The Waterfall Read online




  Praise for the novels of

  CARLA NEGGERS

  “No one does romantic suspense better!”

  —New York Times bestselling author Janet Evanovich

  “Neggers’s brisk pacing and colorful characterizations sweep the reader toward a dramatic and ultimately satisfying denouement.”

  —Publishers Weekly on The Cabin

  “These pages don’t just turn; they spin with the best of them.”

  —BookPage on The Waterfall

  “Neggers delivers a colorful, well-spun story that shines with sincere emotion.”

  —Publishers Weekly on The Carriage House

  “Suspense, romance and the rocky Maine coast—what more can a reader ask for? The Harbor has it all.
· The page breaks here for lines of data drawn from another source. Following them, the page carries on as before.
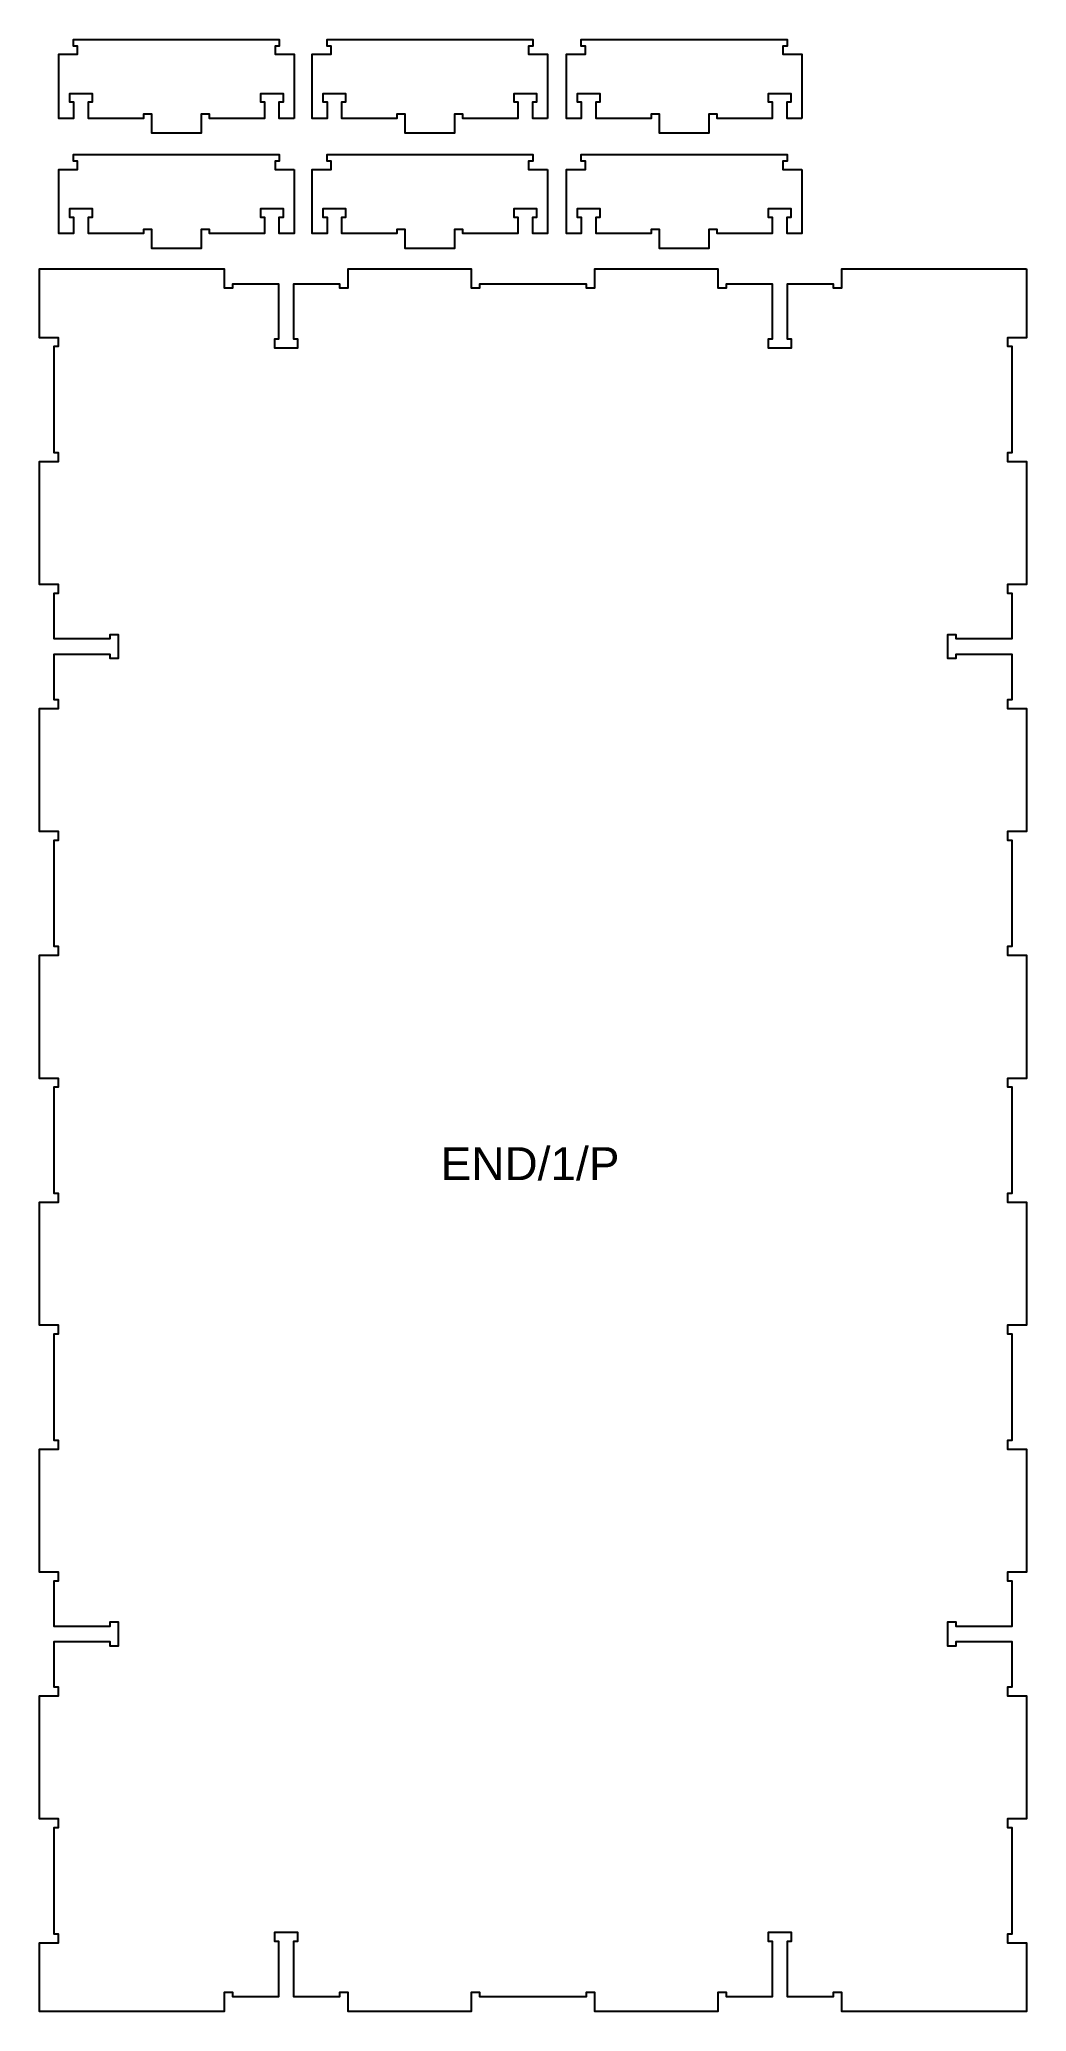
# Model space of a CAD drawing. Header units: millimetres. Extents: x 100 to 1300, y 102 to 2498.
import ezdxf

# ---------------------------------------------------------------- set-up
doc = ezdxf.new("R2010")
doc.units = ezdxf.units.MM
doc.layers.add('1_ANYTOOL_1MMDEEP_INSIDE', color=2, linetype='Continuous', true_color=0xffff00)
doc.layers.add('6_ANYTOOL_CUTTHROUGH_OUTSI', color=5, linetype='Continuous', true_color=0x0000ff)
doc.styles.add('textstyle11', font='standard')

msp = doc.modelspace()

# ---------------------------------------------------------------- linework, layer by layer
at = {"layer": '6_ANYTOOL_CUTTHROUGH_OUTSI'}
for points in [[(409.7, 2402.2), (391.7, 2402.2), (391.7, 2422.2), (396.7, 2422.2), (396.7, 2432.2), (368.7, 2432.2), (368.7, 2422.2), (373.7, 2422.2), (373.7, 2402.2), (306.7, 2402.2), (306.7, 2407.2), (296.7, 2407.2), (296.7, 2384.2), (236.7, 2384.2), (236.7, 2407.2), (226.7, 2407.2), (226.7, 2402.2), (159.7, 2402.2), (159.7, 2422.2), (164.7, 2422.2), (164.7, 2432.2), (136.7, 2432.2), (136.7, 2422.2), (141.7, 2422.2), (141.7, 2402.2), (123.7, 2402.2), (123.7, 2480.2), (146.7, 2480.2), (146.7, 2490.2), (141.7, 2490.2), (141.7, 2498.2), (391.7, 2498.2), (391.7, 2490.2), (386.7, 2490.2), (386.7, 2480.2), (409.7, 2480.2)], [(717.7, 2402.2), (699.7, 2402.2), (699.7, 2422.2), (704.7, 2422.2), (704.7, 2432.2), (676.7, 2432.2), (676.7, 2422.2), (681.7, 2422.2), (681.7, 2402.2), (614.7, 2402.2), (614.7, 2407.2), (604.7, 2407.2), (604.7, 2384.2), (544.7, 2384.2), (544.7, 2407.2), (534.7, 2407.2), (534.7, 2402.2), (467.7, 2402.2), (467.7, 2422.2), (472.7, 2422.2), (472.7, 2432.2), (444.7, 2432.2), (444.7, 2422.2), (449.7, 2422.2), (449.7, 2402.2), (431.7, 2402.2), (431.7, 2480.2), (454.7, 2480.2), (454.7, 2490.2), (449.7, 2490.2), (449.7, 2498.2), (699.7, 2498.2), (699.7, 2490.2), (694.7, 2490.2), (694.7, 2480.2), (717.7, 2480.2)], [(1026.7, 2402.2), (1008.7, 2402.2), (1008.7, 2422.2), (1013.7, 2422.2), (1013.7, 2432.2), (985.7, 2432.2), (985.7, 2422.2), (990.7, 2422.2), (990.7, 2402.2), (923.7, 2402.2), (923.7, 2407.2), (913.7, 2407.2), (913.7, 2384.2), (853.7, 2384.2), (853.7, 2407.2), (843.7, 2407.2), (843.7, 2402.2), (776.7, 2402.2), (776.7, 2422.2), (781.7, 2422.2), (781.7, 2432.2), (753.7, 2432.2), (753.7, 2422.2), (758.7, 2422.2), (758.7, 2402.2), (740.7, 2402.2), (740.7, 2480.2), (763.7, 2480.2), (763.7, 2490.2), (758.7, 2490.2), (758.7, 2498.2), (1008.7, 2498.2), (1008.7, 2490.2), (1003.7, 2490.2), (1003.7, 2480.2), (1026.7, 2480.2)], [(409.7, 2340.2), (409.7, 2262.2), (391.7, 2262.2), (391.7, 2282.2), (396.7, 2282.2), (396.7, 2292.2), (368.7, 2292.2), (368.7, 2282.2), (373.7, 2282.2), (373.7, 2262.2), (306.7, 2262.2), (306.7, 2267.2), (296.7, 2267.2), (296.7, 2244.2), (236.7, 2244.2), (236.7, 2267.2), (226.7, 2267.2), (226.7, 2262.2), (159.7, 2262.2), (159.7, 2282.2), (164.7, 2282.2), (164.7, 2292.2), (136.7, 2292.2), (136.7, 2282.2), (141.7, 2282.2), (141.7, 2262.2), (123.7, 2262.2), (123.7, 2340.2), (146.7, 2340.2), (146.7, 2350.2), (141.7, 2350.2), (141.7, 2358.2), (391.7, 2358.2), (391.7, 2350.2), (386.7, 2350.2), (386.7, 2340.2)], [(717.7, 2340.2), (717.7, 2262.2), (699.7, 2262.2), (699.7, 2282.2), (704.7, 2282.2), (704.7, 2292.2), (676.7, 2292.2), (676.7, 2282.2), (681.7, 2282.2), (681.7, 2262.2), (614.7, 2262.2), (614.7, 2267.2), (604.7, 2267.2), (604.7, 2244.2), (544.7, 2244.2), (544.7, 2267.2), (534.7, 2267.2), (534.7, 2262.2), (467.7, 2262.2), (467.7, 2282.2), (472.7, 2282.2), (472.7, 2292.2), (444.7, 2292.2), (444.7, 2282.2), (449.7, 2282.2), (449.7, 2262.2), (431.7, 2262.2), (431.7, 2340.2), (454.7, 2340.2), (454.7, 2350.2), (449.7, 2350.2), (449.7, 2358.2), (699.7, 2358.2), (699.7, 2350.2), (694.7, 2350.2), (694.7, 2340.2)], [(1026.7, 2340.2), (1026.7, 2262.2), (1008.7, 2262.2), (1008.7, 2282.2), (1013.7, 2282.2), (1013.7, 2292.2), (985.7, 2292.2), (985.7, 2282.2), (990.7, 2282.2), (990.7, 2262.2), (923.7, 2262.2), (923.7, 2267.2), (913.7, 2267.2), (913.7, 2244.2), (853.7, 2244.2), (853.7, 2267.2), (843.7, 2267.2), (843.7, 2262.2), (776.7, 2262.2), (776.7, 2282.2), (781.7, 2282.2), (781.7, 2292.2), (753.7, 2292.2), (753.7, 2282.2), (758.7, 2282.2), (758.7, 2262.2), (740.7, 2262.2), (740.7, 2340.2), (763.7, 2340.2), (763.7, 2350.2), (758.7, 2350.2), (758.7, 2358.2), (1008.7, 2358.2), (1008.7, 2350.2), (1003.7, 2350.2), (1003.7, 2340.2)], [(1299.7, 2219.3), (1299.7, 2135.8), (1276.7, 2135.8), (1276.7, 2125.3), (1281.8, 2125.3), (1281.8, 1995.8), (1276.7, 1995.8), (1276.7, 1985.3), (1299.7, 1985.3), (1299.7, 1835.8), (1276.7, 1835.8), (1276.7, 1825.3), (1281.8, 1825.3), (1281.8, 1769.8), (1214.2, 1769.8), (1214.2, 1774.8), (1203.7, 1774.8), (1203.7, 1746.3), (1214.2, 1746.3), (1214.2, 1751.3), (1281.8, 1751.3), (1281.8, 1695.8), (1276.7, 1695.8), (1276.7, 1685.3), (1299.7, 1685.3), (1299.7, 1535.8), (1276.7, 1535.8), (1276.7, 1525.3), (1281.8, 1525.3), (1281.8, 1395.8), (1276.7, 1395.8), (1276.7, 1385.3), (1299.7, 1385.3), (1299.7, 1235.8), (1276.7, 1235.8), (1276.7, 1225.3), (1281.8, 1225.3), (1281.8, 1095.8), (1276.7, 1095.8), (1276.7, 1085.3), (1299.7, 1085.3), (1299.7, 935.8), (1276.7, 935.8), (1276.7, 925.3), (1281.8, 925.3), (1281.8, 795.8), (1276.7, 795.8), (1276.7, 785.3), (1299.7, 785.3), (1299.7, 635.8), (1276.7, 635.8), (1276.7, 625.3), (1281.8, 625.3), (1281.8, 569.8), (1214.2, 569.8), (1214.2, 574.8), (1203.7, 574.8), (1203.7, 546.3), (1214.2, 546.3), (1214.2, 551.3), (1281.8, 551.3), (1281.8, 495.8), (1276.7, 495.8), (1276.7, 485.3), (1299.7, 485.3), (1299.7, 335.8), (1276.7, 335.8), (1276.7, 325.3), (1281.8, 325.3), (1281.8, 195.8), (1276.7, 195.8), (1276.7, 185.3), (1299.7, 185.3), (1299.7, 101.8), (1075.2, 101.8), (1075.2, 124.8), (1064.7, 124.8), (1064.7, 119.8), (1009.2, 119.8), (1009.2, 187.3), (1014.3, 187.3), (1014.3, 197.8), (985.7, 197.8), (985.7, 187.3), (990.8, 187.3), (990.8, 119.8), (935.3, 119.8), (935.3, 124.8), (924.7, 124.8), (924.7, 101.8), (775.2, 101.8), (775.2, 124.8), (764.7, 124.8), (764.7, 119.8), (635.3, 119.8), (635.3, 124.8), (624.8, 124.8), (624.8, 101.8), (475.3, 101.8), (475.3, 124.8), (464.8, 124.8), (464.8, 119.8), (409.3, 119.8), (409.3, 187.3), (414.3, 187.3), (414.3, 197.8), (385.8, 197.8), (385.8, 187.3), (390.8, 187.3), (390.8, 119.8), (335.3, 119.8), (335.3, 124.8), (324.8, 124.8), (324.8, 101.8), (100.3, 101.8), (100.3, 185.3), (123.3, 185.3), (123.3, 195.8), (118.3, 195.8), (118.3, 325.3), (123.3, 325.3), (123.3, 335.8), (100.3, 335.8), (100.3, 485.3), (123.3, 485.3), (123.3, 495.8), (118.3, 495.8), (118.3, 551.3), (185.8, 551.3), (185.8, 546.3), (196.3, 546.3), (196.3, 574.8), (185.8, 574.8), (185.8, 569.8), (118.3, 569.8), (118.3, 625.3), (123.3, 625.3), (123.3, 635.8), (100.3, 635.8), (100.3, 785.3), (123.3, 785.3), (123.3, 795.8), (118.3, 795.8), (118.3, 925.3), (123.3, 925.3), (123.3, 935.8), (100.3, 935.8), (100.3, 1085.3), (123.3, 1085.3), (123.3, 1095.8), (118.3, 1095.8), (118.3, 1225.3), (123.3, 1225.3), (123.3, 1235.8), (100.3, 1235.8), (100.3, 1385.3), (123.3, 1385.3), (123.3, 1395.8), (118.3, 1395.8), (118.3, 1525.3), (123.3, 1525.3), (123.3, 1535.8), (100.3, 1535.8), (100.3, 1685.3), (123.3, 1685.3), (123.3, 1695.8), (118.3, 1695.8), (118.3, 1751.3), (185.8, 1751.3), (185.8, 1746.3), (196.3, 1746.3), (196.3, 1774.8), (185.8, 1774.8), (185.8, 1769.8), (118.3, 1769.8), (118.3, 1825.3), (123.3, 1825.3), (123.3, 1835.8), (100.3, 1835.8), (100.3, 1985.3), (123.3, 1985.3), (123.3, 1995.8), (118.3, 1995.8), (118.3, 2125.3), (123.3, 2125.3), (123.3, 2135.8), (100.3, 2135.8), (100.3, 2219.3), (324.8, 2219.3), (324.8, 2196.3), (335.3, 2196.3), (335.3, 2201.3), (390.8, 2201.3), (390.8, 2133.8), (385.8, 2133.8), (385.8, 2123.3), (414.3, 2123.3), (414.3, 2133.8), (409.3, 2133.8), (409.3, 2201.3), (464.8, 2201.3), (464.8, 2196.3), (475.3, 2196.3), (475.3, 2219.3), (624.8, 2219.3), (624.8, 2196.3), (635.3, 2196.3), (635.3, 2201.3), (764.7, 2201.3), (764.7, 2196.3), (775.2, 2196.3), (775.2, 2219.3), (924.7, 2219.3), (924.7, 2196.3), (935.3, 2196.3), (935.3, 2201.3), (990.8, 2201.3), (990.8, 2133.8), (985.7, 2133.8), (985.7, 2123.3), (1014.3, 2123.3), (1014.3, 2133.8), (1009.2, 2133.8), (1009.2, 2201.3), (1064.7, 2201.3), (1064.7, 2196.3), (1075.2, 2196.3), (1075.2, 2219.3)]]:
    msp.add_lwpolyline(points, close=True, dxfattribs=at)

# ---------------------------------------------------------------- texts
at = {"layer": '1_ANYTOOL_1MMDEEP_INSIDE', "insert": (587.7, 1152.1), "char_height": 40, "width": 248.434, "attachment_point": 1, "style": 'textstyle11'}
msp.add_mtext('\\fArial;END/1/P', dxfattribs=at)

doc.saveas('drawing.dxf')

Carla Neggers writes a story so vivid you can smell the salt air and feel the mist on your skin.”

  —New York Times bestselling author Tess Gerritsen

  “Tension-filled story line that grips the audience from start to finish.”

  —Midwest Book Review on The Waterfall

  “Carla Neggers is one of the most distinctive, talented writers of our genre.”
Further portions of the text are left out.